## Problem details
Your task is to show every line in the listing below that includes "Outport".
------ Provided entries ------
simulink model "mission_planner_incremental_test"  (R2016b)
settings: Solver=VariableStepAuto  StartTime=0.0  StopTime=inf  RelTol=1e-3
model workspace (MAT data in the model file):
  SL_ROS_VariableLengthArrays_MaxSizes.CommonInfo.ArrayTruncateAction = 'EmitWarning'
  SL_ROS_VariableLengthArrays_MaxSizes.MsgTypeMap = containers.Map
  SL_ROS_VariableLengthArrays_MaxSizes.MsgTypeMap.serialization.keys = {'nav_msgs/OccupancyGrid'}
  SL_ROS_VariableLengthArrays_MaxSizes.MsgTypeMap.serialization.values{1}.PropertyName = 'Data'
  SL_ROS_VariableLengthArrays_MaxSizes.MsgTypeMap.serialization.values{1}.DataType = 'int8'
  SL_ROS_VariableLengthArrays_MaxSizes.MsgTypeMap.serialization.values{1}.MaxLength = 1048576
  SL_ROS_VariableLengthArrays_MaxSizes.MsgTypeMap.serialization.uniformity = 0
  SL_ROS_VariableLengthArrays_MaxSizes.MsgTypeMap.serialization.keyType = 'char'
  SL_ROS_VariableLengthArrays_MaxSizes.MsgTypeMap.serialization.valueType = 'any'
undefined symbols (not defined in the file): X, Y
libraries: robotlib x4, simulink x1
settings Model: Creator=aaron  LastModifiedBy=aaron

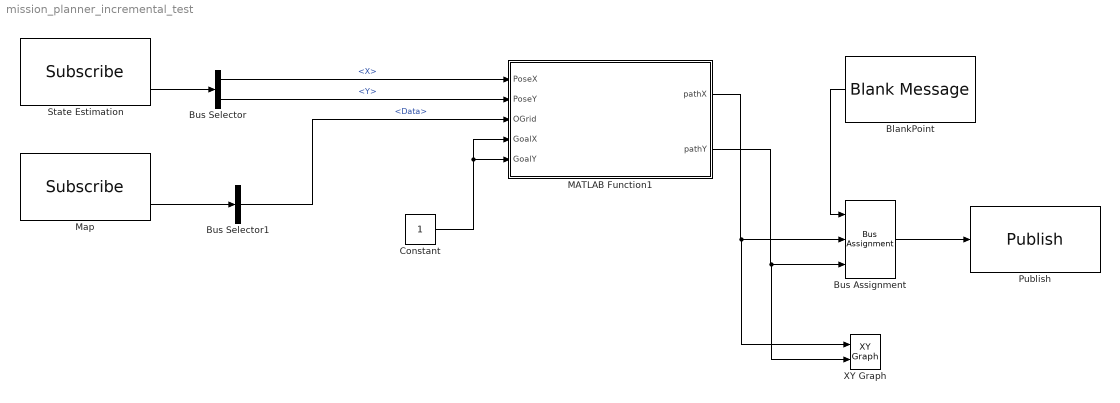
== system mission_planner_incremental_test ==
  BlankPoint : robotlib/Blank Message  SourceLibraryInfo=This block requires Robotics System Toolbox  messageType=geometry_msgs/Point  SampleTime=inf
  Bus Assignment : BusAssignment  AssignedSignals=X,Y
  Bus Selector : BusSelector  OutputSignals=Pose.Position.X,Pose.Position.Y
  Bus Selector1 : BusSelector  OutputSignals=Data
  Constant : Constant
  MATLAB Function1 : MATLAB Function  TreatAsAtomicUnit=on
  Map : robotlib/Subscribe  SourceLibraryInfo=This block requires Robotics System Toolbox  topicSource=Specify your own  topic=/map  messageType=nav_msgs/OccupancyGrid  sampleTime=-1  messageQueueLength=1
  Publish : robotlib/Publish  SourceLibraryInfo=This block requires Robotics System Toolbox  topicSource=Specify your own  topic=/GoTo  messageType=geometry_msgs/Point  messageQueueLength=1
  State Estimation : robotlib/Subscribe  SourceLibraryInfo=This block requires Robotics System Toolbox  topicSource=Specify your own  topic=/slam_out_pose  messageType=geometry_msgs/PoseStamped  sampleTime=-1  messageQueueLength=1
  XY Graph : simulink/Sinks/XY Graph  xmin=-1  xmax=1  ymin=-1  ymax=1  st=-1
  wires:
  BlankPoint/1 -> Bus Assignment/1
  Bus Assignment/1 -> Publish/1
  State Estimation/2 -> Bus Selector/1
  Bus Selector/1 -> MATLAB Function1/1(PoseX)  "<X>"
  Bus Selector/2 -> MATLAB Function1/2(PoseY)  "<Y>"
  MATLAB Function1/1(pathX) -> XY Graph/1, Bus Assignment/2
  MATLAB Function1/2(pathY) -> XY Graph/2, Bus Assignment/3
  Constant/1 -> MATLAB Function1/5(GoalY), MATLAB Function1/4(GoalX)
  Map/2 -> Bus Selector1/1
  Bus Selector1/1 -> MATLAB Function1/3(OGrid)  "<Data>"

== matlab function mission_planner_incremental_test/MATLAB Function1 ==
  data: PoseX input; PoseY input; OGrid input; GoalX input; GoalY input; pathX output; pathY output
function [pathX, pathY] = fcn(PoseX, PoseY, OGrid, GoalX, GoalY)
%#codegen

% Interpret data
    currPos = [PoseX, PoseY];


% Create a D* Object using the map
    [map, currPos] = convO2M(OGrid, currPos)
    goal = [GoalX, GoalY];
    start= currPos;
    MapConversionFinished=1
    ds = Dstar(map);
    DSMapFinished=1
    ds.plan(goal);

    spath = ds.path(start);

    spath


    % Publish path information
    pathX = spath(:, 1);
    pathY = spath(:, 2);
end
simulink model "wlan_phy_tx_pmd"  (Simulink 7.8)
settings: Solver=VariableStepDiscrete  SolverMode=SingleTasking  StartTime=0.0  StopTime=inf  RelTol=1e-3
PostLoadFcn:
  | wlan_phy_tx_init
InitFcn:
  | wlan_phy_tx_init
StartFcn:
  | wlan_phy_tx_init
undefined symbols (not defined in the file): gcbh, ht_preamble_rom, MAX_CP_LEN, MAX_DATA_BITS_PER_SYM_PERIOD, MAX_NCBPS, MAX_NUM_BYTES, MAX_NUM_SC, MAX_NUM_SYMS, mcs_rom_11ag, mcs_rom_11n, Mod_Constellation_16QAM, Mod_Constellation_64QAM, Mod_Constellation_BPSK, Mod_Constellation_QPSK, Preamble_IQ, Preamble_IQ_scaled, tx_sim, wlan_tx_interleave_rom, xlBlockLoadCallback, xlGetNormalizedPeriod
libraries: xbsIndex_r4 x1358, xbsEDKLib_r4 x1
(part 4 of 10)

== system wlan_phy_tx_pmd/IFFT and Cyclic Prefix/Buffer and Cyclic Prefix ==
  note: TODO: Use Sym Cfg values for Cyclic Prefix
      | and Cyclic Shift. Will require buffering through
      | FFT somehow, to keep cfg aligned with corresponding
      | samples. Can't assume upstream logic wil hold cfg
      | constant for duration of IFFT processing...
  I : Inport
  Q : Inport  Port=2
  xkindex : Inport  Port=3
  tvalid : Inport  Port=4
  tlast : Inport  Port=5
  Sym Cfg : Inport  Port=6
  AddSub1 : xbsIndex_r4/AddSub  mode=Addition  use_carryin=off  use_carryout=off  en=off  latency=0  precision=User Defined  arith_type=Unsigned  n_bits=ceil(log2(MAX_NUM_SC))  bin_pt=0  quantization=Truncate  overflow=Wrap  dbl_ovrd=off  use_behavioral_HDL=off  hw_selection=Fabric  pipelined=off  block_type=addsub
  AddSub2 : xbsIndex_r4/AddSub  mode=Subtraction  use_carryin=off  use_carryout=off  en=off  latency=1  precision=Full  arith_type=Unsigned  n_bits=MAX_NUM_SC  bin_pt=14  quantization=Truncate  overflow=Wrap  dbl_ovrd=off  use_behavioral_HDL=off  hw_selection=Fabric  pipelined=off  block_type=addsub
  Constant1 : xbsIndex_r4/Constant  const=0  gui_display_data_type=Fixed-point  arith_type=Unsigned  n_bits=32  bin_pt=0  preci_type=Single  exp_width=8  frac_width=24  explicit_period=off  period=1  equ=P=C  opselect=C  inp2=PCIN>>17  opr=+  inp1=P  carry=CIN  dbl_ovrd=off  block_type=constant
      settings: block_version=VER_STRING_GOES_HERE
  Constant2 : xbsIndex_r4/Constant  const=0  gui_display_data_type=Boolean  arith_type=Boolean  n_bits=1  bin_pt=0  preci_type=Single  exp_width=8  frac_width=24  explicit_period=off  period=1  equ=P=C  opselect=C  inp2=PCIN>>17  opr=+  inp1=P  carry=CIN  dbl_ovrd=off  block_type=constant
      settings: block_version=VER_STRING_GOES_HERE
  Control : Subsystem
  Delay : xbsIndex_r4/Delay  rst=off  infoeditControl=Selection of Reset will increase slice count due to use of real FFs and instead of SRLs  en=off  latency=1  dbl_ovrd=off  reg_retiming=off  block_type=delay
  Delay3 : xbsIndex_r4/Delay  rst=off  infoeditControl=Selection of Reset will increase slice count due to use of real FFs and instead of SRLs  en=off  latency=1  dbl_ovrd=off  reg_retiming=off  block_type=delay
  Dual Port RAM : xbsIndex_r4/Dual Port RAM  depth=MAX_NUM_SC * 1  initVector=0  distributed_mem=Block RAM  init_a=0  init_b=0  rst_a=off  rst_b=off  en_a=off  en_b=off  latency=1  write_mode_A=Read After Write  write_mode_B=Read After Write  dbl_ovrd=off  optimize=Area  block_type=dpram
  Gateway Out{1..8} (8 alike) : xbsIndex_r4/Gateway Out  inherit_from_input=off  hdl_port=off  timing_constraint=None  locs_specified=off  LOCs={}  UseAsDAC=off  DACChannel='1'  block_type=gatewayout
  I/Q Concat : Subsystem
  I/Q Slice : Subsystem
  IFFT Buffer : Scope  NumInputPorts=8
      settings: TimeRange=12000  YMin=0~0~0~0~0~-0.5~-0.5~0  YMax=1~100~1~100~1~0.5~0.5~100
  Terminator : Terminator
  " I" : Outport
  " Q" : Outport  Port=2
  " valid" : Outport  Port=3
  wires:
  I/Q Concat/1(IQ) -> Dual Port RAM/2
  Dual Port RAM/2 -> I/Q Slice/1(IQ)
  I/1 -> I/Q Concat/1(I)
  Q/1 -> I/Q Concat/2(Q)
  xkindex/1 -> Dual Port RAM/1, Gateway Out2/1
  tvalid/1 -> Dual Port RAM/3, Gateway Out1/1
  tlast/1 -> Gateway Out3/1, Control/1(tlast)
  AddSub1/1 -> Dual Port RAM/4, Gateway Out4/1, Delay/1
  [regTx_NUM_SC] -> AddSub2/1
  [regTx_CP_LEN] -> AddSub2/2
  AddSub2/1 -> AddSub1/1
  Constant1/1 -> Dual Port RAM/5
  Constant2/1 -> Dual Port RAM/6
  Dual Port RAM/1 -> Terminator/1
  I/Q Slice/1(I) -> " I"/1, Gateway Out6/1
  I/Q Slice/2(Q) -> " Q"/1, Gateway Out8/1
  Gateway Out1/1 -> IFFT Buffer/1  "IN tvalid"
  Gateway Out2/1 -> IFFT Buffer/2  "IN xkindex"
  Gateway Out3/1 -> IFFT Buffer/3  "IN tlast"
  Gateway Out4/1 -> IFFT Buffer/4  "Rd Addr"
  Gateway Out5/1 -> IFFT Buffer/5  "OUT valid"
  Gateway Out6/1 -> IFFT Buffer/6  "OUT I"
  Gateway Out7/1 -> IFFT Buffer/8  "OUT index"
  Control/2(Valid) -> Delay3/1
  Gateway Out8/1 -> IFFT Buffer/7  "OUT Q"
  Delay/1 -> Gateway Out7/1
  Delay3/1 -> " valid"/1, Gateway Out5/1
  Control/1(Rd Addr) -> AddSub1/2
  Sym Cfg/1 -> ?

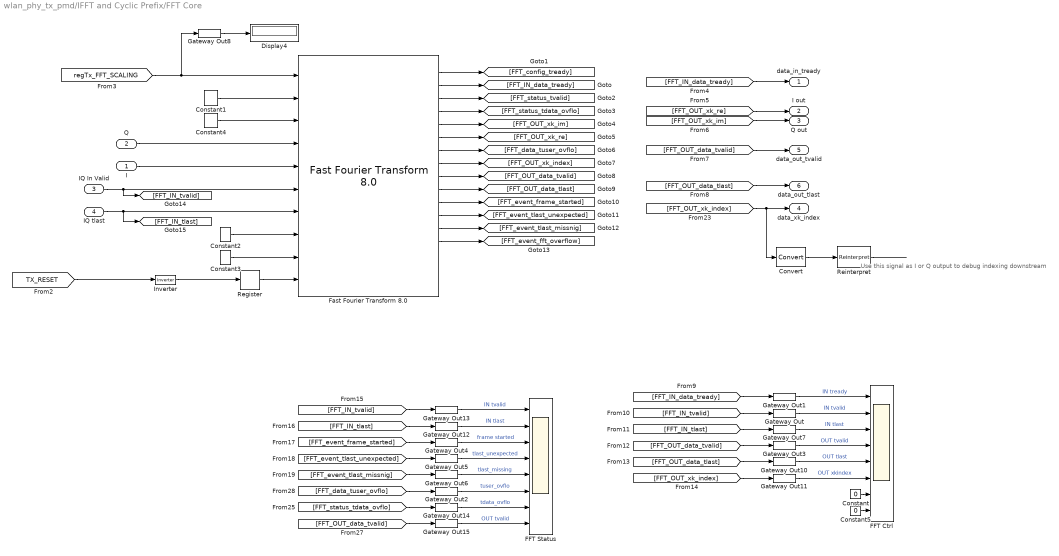
== system wlan_phy_tx_pmd/IFFT and Cyclic Prefix/FFT Core ==
  note: Use this signal as I or Q output
      | to debug indexing downstream
  "I " : Inport
  "Q " : Inport  Port=2
  IQ In Valid : Inport  Port=3
  IQ tlast : Inport  Port=4
  Constant : Constant  Value=0
  Constant1 : xbsIndex_r4/Constant  const=0  gui_display_data_type=Fixed-point  arith_type=Unsigned  n_bits=1  bin_pt=0  preci_type=Single  exp_width=8  frac_width=24  explicit_period=on  period=1  equ=P=C  opselect=C  inp2=PCIN>>17  opr=+  inp1=P  carry=CIN  dbl_ovrd=off  block_type=constant
  Constant2 : xbsIndex_r4/Constant  const=1  gui_display_data_type=Boolean  arith_type=Boolean  n_bits=1  bin_pt=0  preci_type=Single  exp_width=8  frac_width=24  explicit_period=on  period=1  equ=P=C  opselect=C  inp2=PCIN>>17  opr=+  inp1=P  carry=CIN  dbl_ovrd=off  block_type=constant
  Constant3 : xbsIndex_r4/Constant  const=1  gui_display_data_type=Boolean  arith_type=Boolean  n_bits=1  bin_pt=0  preci_type=Single  exp_width=8  frac_width=24  explicit_period=on  period=1  equ=P=C  opselect=C  inp2=PCIN>>17  opr=+  inp1=P  carry=CIN  dbl_ovrd=off  block_type=constant
  Constant4 : xbsIndex_r4/Constant  const=1  gui_display_data_type=Boolean  arith_type=Boolean  n_bits=1  bin_pt=0  preci_type=Single  exp_width=8  frac_width=24  explicit_period=on  period=1  equ=P=C  opselect=C  inp2=PCIN>>17  opr=+  inp1=P  carry=CIN  dbl_ovrd=off  block_type=constant
  Constant5 : Constant  Value=0
  Convert : xbsIndex_r4/Convert  gui_display_data_type=Fixed-point  arith_type="Signed  (2's comp)"  n_bits=16  bin_pt=0  float_type=Single  exp_bits=8  fraction_bits=24  quantization=Truncate  overflow=Wrap  en=off  latency=0  dbl_ovrd=off  pipeline=off  block_type=convert
  Display4 : Display
  FFT Ctrl : Scope  NumInputPorts=8
      settings: TimeRange=4500  YMin=0~0~0~0~0~0~-1~-1  YMax=1~1~1~1~1~80~1~1  SaveName=ScopeData12
  FFT Status : Scope  NumInputPorts=8
      settings: TimeRange=10000  YMin=0~0~0~-1~-1~0~0~0  YMax=1~1~1~1~1~6~6~1  SaveName=ScopeData13
  "Fast Fourier Transform 8.0 " : xbsIndex_r4/Fast Fourier Transform 8.0   transform_length=64  target_clock_frequency=160  target_data_throughput=50  implementation_options=radix_4_burst_io  run_time_configurable_transform_length=off  phase_factor_width=16  scaling_options=scaled  rounding_modes=truncation  aclken=off  aresetn=on  cyclic_prefix_insertion=off  output_ordering=bit_reversed_order  throttle_scheme=nonrealtime  xk_index=on  ovflo=on  trim_axipin_name=on  memory_options_data=block_ram  memory_options_phase_factors=block_ram  number_of_stages_using_block_ram_for_data_and_phase_factors=0  memory_options_reorder=block_ram  memory_options_hybrid=off  complex_mult_type=use_mults_performance  butterfly_type=use_xtremedsp_slices  channels=1  input_ordering=natural_order  input_width=16  ip_name=Fast Fourier Transform  ip_version=8.0  dsptool_ready=true  ipcore_usecache=true  ipcore_useipmodelcache=true  wrapper_available=true  port_translation_map={ 'aclken' => 'en', 'aresetn' => 'rst'}  block_type=xfft_v8_0
  Gateway Out{,1..8,10..15} (15 alike) : xbsIndex_r4/Gateway Out  inherit_from_input=off  hdl_port=off  timing_constraint=None  locs_specified=off  LOCs={}  UseAsDAC=off  DACChannel='1'  block_type=gatewayout
  Inverter : xbsIndex_r4/Inverter  en=off  latency=0  dbl_ovrd=off  block_type=inv
  Register : xbsIndex_r4/Register  init=0  rst=off  en=off  dbl_ovrd=off  block_type=register
  Reinterpret : xbsIndex_r4/Reinterpret  force_arith_type=on  arith_type="Signed  (2's comp)"  force_bin_pt=on  bin_pt=15  block_type=reinterpret
  data_in_tready : Outport
  I out : Outport  Port=2
  Q out : Outport  Port=3
  data_xk_index : Outport  Port=4
  data_out_tvalid : Outport  Port=5
  data_out_tlast : Outport  Port=6
  wires:
  Gateway Out8/1 -> Display4/1
  [regTx_FFT_SCALING] -> Gateway Out8/1, "Fast Fourier Transform 8.0 "/1
  [TX_RESET] -> Inverter/1
  IQ In Valid/1 -> [FFT_IN_tvalid], "Fast Fourier Transform 8.0 "/6
  IQ tlast/1 -> [FFT_IN_tlast], "Fast Fourier Transform 8.0 "/7
  Gateway Out7/1 -> FFT Ctrl/3  "IN tlast"
  Gateway Out6/1 -> FFT Status/5  "tlast_missing"
  Gateway Out5/1 -> FFT Status/4  "tlast_unexpected"
  Gateway Out4/1 -> FFT Status/3  "frame started"
  Gateway Out1/1 -> FFT Ctrl/1  "IN tready"
  Gateway Out/1 -> FFT Ctrl/2  "IN tvalid"
  [FFT_IN_data_tready] -> data_in_tready/1
  [FFT_OUT_xk_re] -> I out/1
  [FFT_OUT_xk_im] -> Q out/1
  [FFT_OUT_data_tvalid] -> data_out_tvalid/1
  [FFT_OUT_data_tlast] -> data_out_tlast/1
  Gateway Out3/1 -> FFT Ctrl/4  "OUT tvalid"
  Gateway Out10/1 -> FFT Ctrl/5  "OUT tlast"
  Gateway Out11/1 -> FFT Ctrl/6  "OUT xkindex"
  Gateway Out12/1 -> FFT Status/2  "IN tlast"
  Gateway Out13/1 -> FFT Status/1  "IN tvalid"
  [FFT_IN_data_tready] -> Gateway Out1/1
  [FFT_IN_tvalid] -> Gateway Out/1
  [FFT_IN_tlast] -> Gateway Out7/1
  [FFT_OUT_data_tvalid] -> Gateway Out3/1
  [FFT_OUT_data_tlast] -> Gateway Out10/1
------
## Your solution
  " I" : Outport
  " Q" : Outport  Port=2
  " valid" : Outport  Port=3
  data_in_tready : Outport
  I out : Outport  Port=2
  Q out : Outport  Port=3
  data_xk_index : Outport  Port=4
  data_out_tvalid : Outport  Port=5
  data_out_tlast : Outport  Port=6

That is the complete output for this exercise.